# INFORMATION SHOWN
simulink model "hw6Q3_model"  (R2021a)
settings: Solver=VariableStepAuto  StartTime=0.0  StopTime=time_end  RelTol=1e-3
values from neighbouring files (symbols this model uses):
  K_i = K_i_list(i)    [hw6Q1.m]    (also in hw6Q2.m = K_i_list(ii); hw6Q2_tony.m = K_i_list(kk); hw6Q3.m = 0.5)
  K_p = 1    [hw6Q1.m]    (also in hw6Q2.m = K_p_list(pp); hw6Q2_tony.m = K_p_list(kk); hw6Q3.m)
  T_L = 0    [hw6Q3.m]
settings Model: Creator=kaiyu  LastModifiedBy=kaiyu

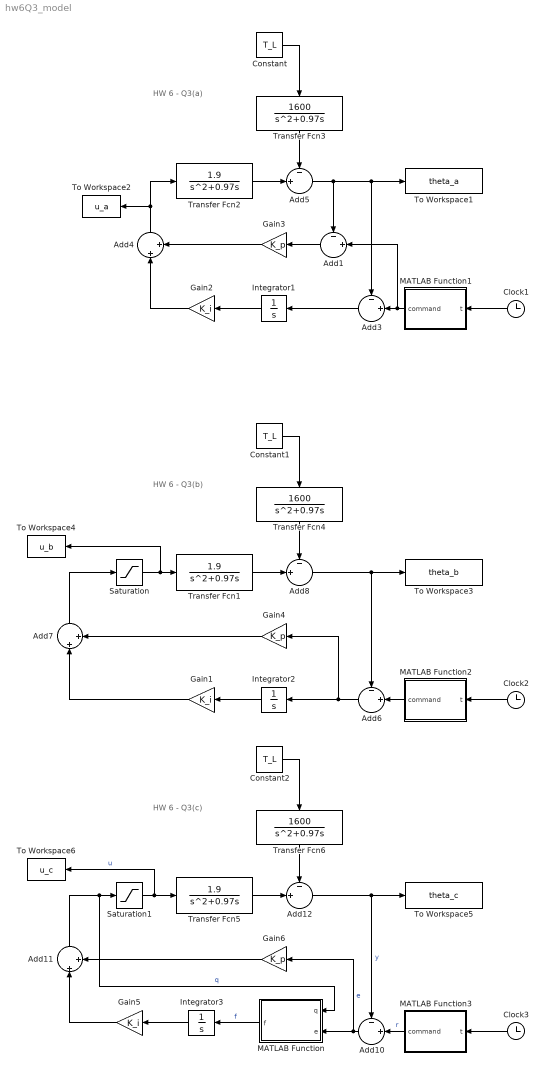
== system hw6Q3_model ==
  note: HW 6 - Q3(a)
  note: HW 6 - Q3(b)
  note: HW 6 - Q3(c)
  Add{1,3,5..6,8,10,12} (7 alike) : Sum  Inputs=-|+||
  Add11 : Sum  Inputs=||+|+
  Add4 : Sum  Inputs=||+|+
  Add7 : Sum  Inputs=||+|+
  Clock1 : Clock
  Clock2 : Clock
  Clock3 : Clock
  Constant : Constant  Value=T_L
  Constant1 : Constant  Value=T_L
  Constant2 : Constant  Value=T_L
  Gain1 : Gain  Gain=K_i
  Gain2 : Gain  Gain=K_i
  Gain3 : Gain  Gain=K_p
  Gain4 : Gain  Gain=K_p
  Gain5 : Gain  Gain=K_i
  Gain6 : Gain  Gain=K_p
  Integrator1 : Integrator
  Integrator2 : Integrator
  Integrator3 : Integrator
  MATLAB Function : MATLAB Function  TreatAsAtomicUnit=on
  MATLAB Function1 : MATLAB Function  TreatAsAtomicUnit=on
  MATLAB Function2 : MATLAB Function  TreatAsAtomicUnit=on
  MATLAB Function3 : MATLAB Function  TreatAsAtomicUnit=on
  Saturation : Saturate  UpperLimit=0.15  LowerLimit=-0.15
  Saturation1 : Saturate  UpperLimit=0.15  LowerLimit=-0.15
  To Workspace1 : ToWorkspace  VariableName=theta_a  SaveFormat=Timeseries  SampleTime=-1
  To Workspace2 : ToWorkspace  VariableName=u_a  SaveFormat=Timeseries  SampleTime=-1
  To Workspace3 : ToWorkspace  VariableName=theta_b  SaveFormat=Timeseries  SampleTime=-1
  To Workspace4 : ToWorkspace  VariableName=u_b  SaveFormat=Timeseries  SampleTime=-1
  To Workspace5 : ToWorkspace  VariableName=theta_c  SaveFormat=Timeseries  SampleTime=-1
  To Workspace6 : ToWorkspace  VariableName=u_c  SaveFormat=Timeseries  SampleTime=-1
  Transfer Fcn1 : TransferFcn  Numerator=[1.9]  Denominator=[1 0.97 0]
  Transfer Fcn2 : TransferFcn  Numerator=[1.9]  Denominator=[1 0.97 0]
  Transfer Fcn3 : TransferFcn  Numerator=[1600]  Denominator=[1 0.97 0]
  Transfer Fcn4 : TransferFcn  Numerator=[1600]  Denominator=[1 0.97 0]
  Transfer Fcn5 : TransferFcn  Numerator=[1.9]  Denominator=[1 0.97 0]
  Transfer Fcn6 : TransferFcn  Numerator=[1600]  Denominator=[1 0.97 0]
  wires:
  Add5/1 -> Add1/1, Add3/1, To Workspace1/1
  Transfer Fcn2/1 -> Add5/2
  Clock1/1 -> MATLAB Function1/1(t)
  Integrator1/1 -> Gain2/1
  Add3/1 -> Integrator1/1
  Gain3/1 -> Add4/2
  MATLAB Function1/1(command) -> Add1/2, Add3/2
  Transfer Fcn3/1 -> Add5/1
  Add4/1 -> To Workspace2/1, Transfer Fcn2/1
  Gain2/1 -> Add4/1
  Constant/1 -> Transfer Fcn3/1
  Add1/1 -> Gain3/1
  Gain1/1 -> Add7/1
  Add6/1 -> Gain4/1, Integrator2/1
  Transfer Fcn1/1 -> Add8/2
  Gain4/1 -> Add7/2
  Clock2/1 -> MATLAB Function2/1(t)
  Transfer Fcn4/1 -> Add8/1
  Add8/1 -> Add6/1, To Workspace3/1
  Constant1/1 -> Transfer Fcn4/1
  MATLAB Function2/1(command) -> Add6/2
  Integrator2/1 -> Gain1/1
  Saturation/1 -> To Workspace4/1, Transfer Fcn1/1
  Add7/1 -> Saturation/1
  Add11/1 -> MATLAB Function/1(q), Saturation1/1  "q"
  Add12/1 -> Add10/1, To Workspace5/1  "y"
  MATLAB Function3/1(command) -> Add10/2  "r"
  Constant2/1 -> Transfer Fcn6/1
  Gain6/1 -> Add11/2
  Clock3/1 -> MATLAB Function3/1(t)
  Integrator3/1 -> Gain5/1
  Transfer Fcn5/1 -> Add12/2
  Transfer Fcn6/1 -> Add12/1
  Saturation1/1 -> To Workspace6/1, Transfer Fcn5/1  "u"
  Gain5/1 -> Add11/1
  Add10/1 -> Gain6/1, MATLAB Function/2(e)  "e"
  MATLAB Function/1(f) -> Integrator3/1  "f"

== matlab function hw6Q3_model/MATLAB Function2 ==
  data: t input; command output
function command = reference(t)
if (0 <= t) && (t <= 2)
    r = 0;
else
    r = 1.0;    % radians
end
command = r;

== matlab function hw6Q3_model/MATLAB Function3 ==
  data: t input; command output
function command = reference(t)
if (0 <= t) && (t <= 2)
    r = 0;
else
    r = 1.0;    % radians
end
command = r;

== matlab function hw6Q3_model/MATLAB Function ==
  data: q input; e input; f output
function f = antiWindup(q, e)
% Actuator Saturation is at +/- 0.15 volts.
if (q >= 0.15) && (e > 0)
    output = 0;
elseif (q <= -0.15) && (e < 0)
    output = 0;
else
    output = e;
end

f = output;

== matlab function hw6Q3_model/MATLAB Function1 ==
  data: t input; command output
function command = reference(t)
if (0 <= t) && (t <= 2)
    r = 0;
else
    r = 1.0;    % radians
end
command = r;

# WHAT YOU ARE ASKED TO DO
The lines wanted run from the first one in the material above through the line containing "note: HW 6 - Q3(b)"; give them again exactly, leaving out the pictures.

# WRITTEN SOLUTION
simulink model "hw6Q3_model"  (R2021a)
settings: Solver=VariableStepAuto  StartTime=0.0  StopTime=time_end  RelTol=1e-3
values from neighbouring files (symbols this model uses):
  K_i = K_i_list(i)    [hw6Q1.m]    (also in hw6Q2.m = K_i_list(ii); hw6Q2_tony.m = K_i_list(kk); hw6Q3.m = 0.5)
  K_p = 1    [hw6Q1.m]    (also in hw6Q2.m = K_p_list(pp); hw6Q2_tony.m = K_p_list(kk); hw6Q3.m)
  T_L = 0    [hw6Q3.m]
settings Model: Creator=kaiyu  LastModifiedBy=kaiyu

== system hw6Q3_model ==
  note: HW 6 - Q3(a)
  note: HW 6 - Q3(b)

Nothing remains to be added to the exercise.